(Beginning of Supplied material)

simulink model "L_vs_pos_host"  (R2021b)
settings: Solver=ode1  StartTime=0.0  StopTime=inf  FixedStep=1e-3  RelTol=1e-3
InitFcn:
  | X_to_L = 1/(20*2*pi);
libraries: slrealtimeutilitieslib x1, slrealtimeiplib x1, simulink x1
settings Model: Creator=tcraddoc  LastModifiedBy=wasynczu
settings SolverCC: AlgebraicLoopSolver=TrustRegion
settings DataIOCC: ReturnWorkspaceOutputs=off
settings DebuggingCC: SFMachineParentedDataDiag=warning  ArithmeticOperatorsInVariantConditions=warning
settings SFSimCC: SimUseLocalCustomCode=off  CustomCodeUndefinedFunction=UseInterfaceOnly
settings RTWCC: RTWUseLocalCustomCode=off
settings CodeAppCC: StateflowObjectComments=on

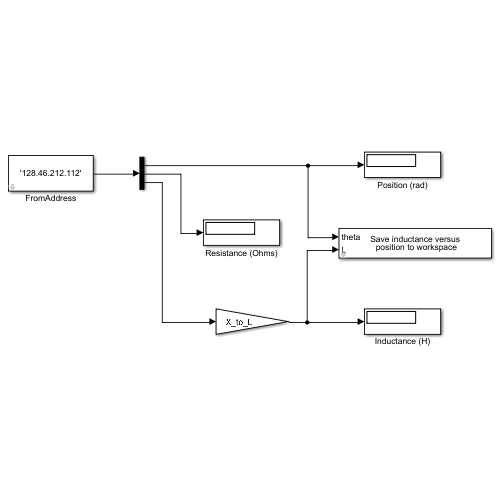
[thumbnail: Simulink's stored preview of the top-level diagram]
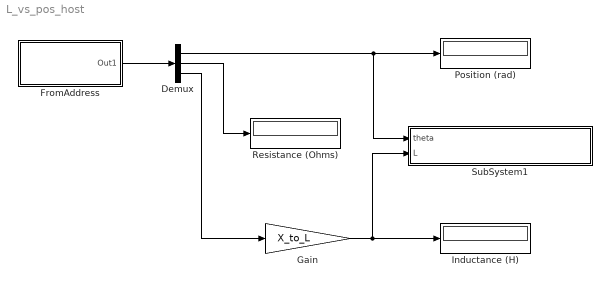
== system L_vs_pos_host ==
  Demux : Demux  Outputs=3
  FromAddress : Subsystem  mask{fromIPAddress='128.46.212.112'}
      mask prompts: fromIPAddress "From IP Address"
      mask Display: disp((get_param(gcb,'fromIPAddress')))
  Gain : Gain  Gain=X_to_L
  Inductance (H) : Display
  Position (rad) : Display
  Resistance (Ohms) : Display
  SubSystem1 : Subsystem  mask{N=10}
      mask prompts: N "Number of encoder bits"
      mask help: This block save inductance and position to the Matlab Workspace. The Matlab variables are called "position" and "inductance". The number of encoder bits should be set to that of the encoder you are using (10 in this lab)
      mask init:
      | clear inductance
      | clear position
      | dtheta = 2*pi/(2^N)
      mask Display:
      | disp('Save inductance versus\n position to workspace')
      | port_label('input', 1, 'theta')
      | port_label('input', 2, 'L')
  wires:
  FromAddress/1(Out1) -> Demux/1
  Demux/1 -> Position (rad)/1, SubSystem1/1(theta)
  Demux/3 -> Gain/1
  Gain/1 -> Inductance (H)/1, SubSystem1/2(L)
  Demux/2 -> Resistance (Ohms)/1

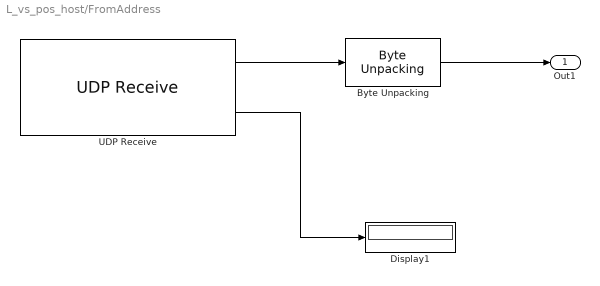
== system L_vs_pos_host/FromAddress ==
  Byte Unpacking : slrealtimeutilitieslib/Byte Unpacking  MaskUnpackedDataTypes={['double']}  MaskUnpackedDataSizes={[3]}  MaskAlignment=1
      settings: SourceProductBaseCode=XP
  Display1 : Display
  UDP Receive : slrealtimeiplib/UDP Receive  useHostTargetConn=on  ipAddress=128.46.212.188  localPort=34  rcvWidth=24  rcvFmAny=off  fmAddress=fromIPAddress  sampleTime=1e-3
      settings: SourceProductBaseCode=XP
  Out1 : Outport
  wires:
  Byte Unpacking/1 -> Out1/1
  UDP Receive/2 -> Display1/1
  UDP Receive/1 -> Byte Unpacking/1

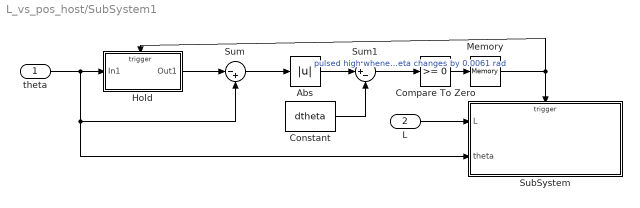
== system L_vs_pos_host/SubSystem1 ==
  theta : Inport
  L : Inport  Port=2
  Abs : Abs
  Compare To Zero : simulink/Logic and Bit Operations/Compare To Zero  relop=>=  OutDataTypeStr=boolean
  Constant : Constant  Value=dtheta
  Hold : Subsystem  TreatAsAtomicUnit=on
  Memory : Memory
  SubSystem : Subsystem  TreatAsAtomicUnit=on
  Sum : Sum  Inputs=|-+  InputSameDT=on  SaturateOnIntegerOverflow=on  OutDataTypeStr=Inherit: Same as first input
  Sum1 : Sum  Inputs=|+-  InputSameDT=on  SaturateOnIntegerOverflow=on  OutDataTypeStr=Inherit: Same as first input
  wires:
  L/1 -> SubSystem/1(L)
  theta/1 -> Hold/1(In1), Sum/2, SubSystem/2(theta)
  Hold/1(Out1) -> Sum/1
  Sum/1 -> Abs/1
  Sum1/1 -> Compare To Zero/1  "pulsed high whenever theta changes by 0.0061 rad"
  Constant/1 -> Sum1/2
  Compare To Zero/1 -> Memory/1
  Memory/1 -> SubSystem/Trigger, Hold/Trigger
  Abs/1 -> Sum1/1

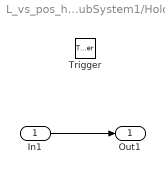
== system L_vs_pos_host/SubSystem1/Hold ==
  In1 : Inport
  Trigger : TriggerPort  VariantControl=Variant
  Out1 : Outport
  wires:
  In1/1 -> Out1/1

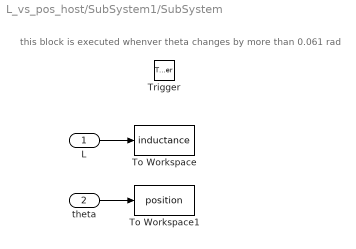
== system L_vs_pos_host/SubSystem1/SubSystem ==
  note: this block is executed whenver theta changes by more than 0.061 rad
  L : Inport
  theta : Inport  Port=2
  Trigger : TriggerPort  VariantControl=Variant
  To Workspace : ToWorkspace  VariableName=inductance  SampleTime=-1
      settings: MaxDataPoints=2^N
  To Workspace1 : ToWorkspace  VariableName=position  SampleTime=-1
      settings: MaxDataPoints=2^N
  wires:
  L/1 -> To Workspace/1
  theta/1 -> To Workspace1/1

(End of Supplied material)

Each line of the entries above that includes "input" counts once; state how many such lines there are, with the number as the only answer.

▶ [Written answer]:
4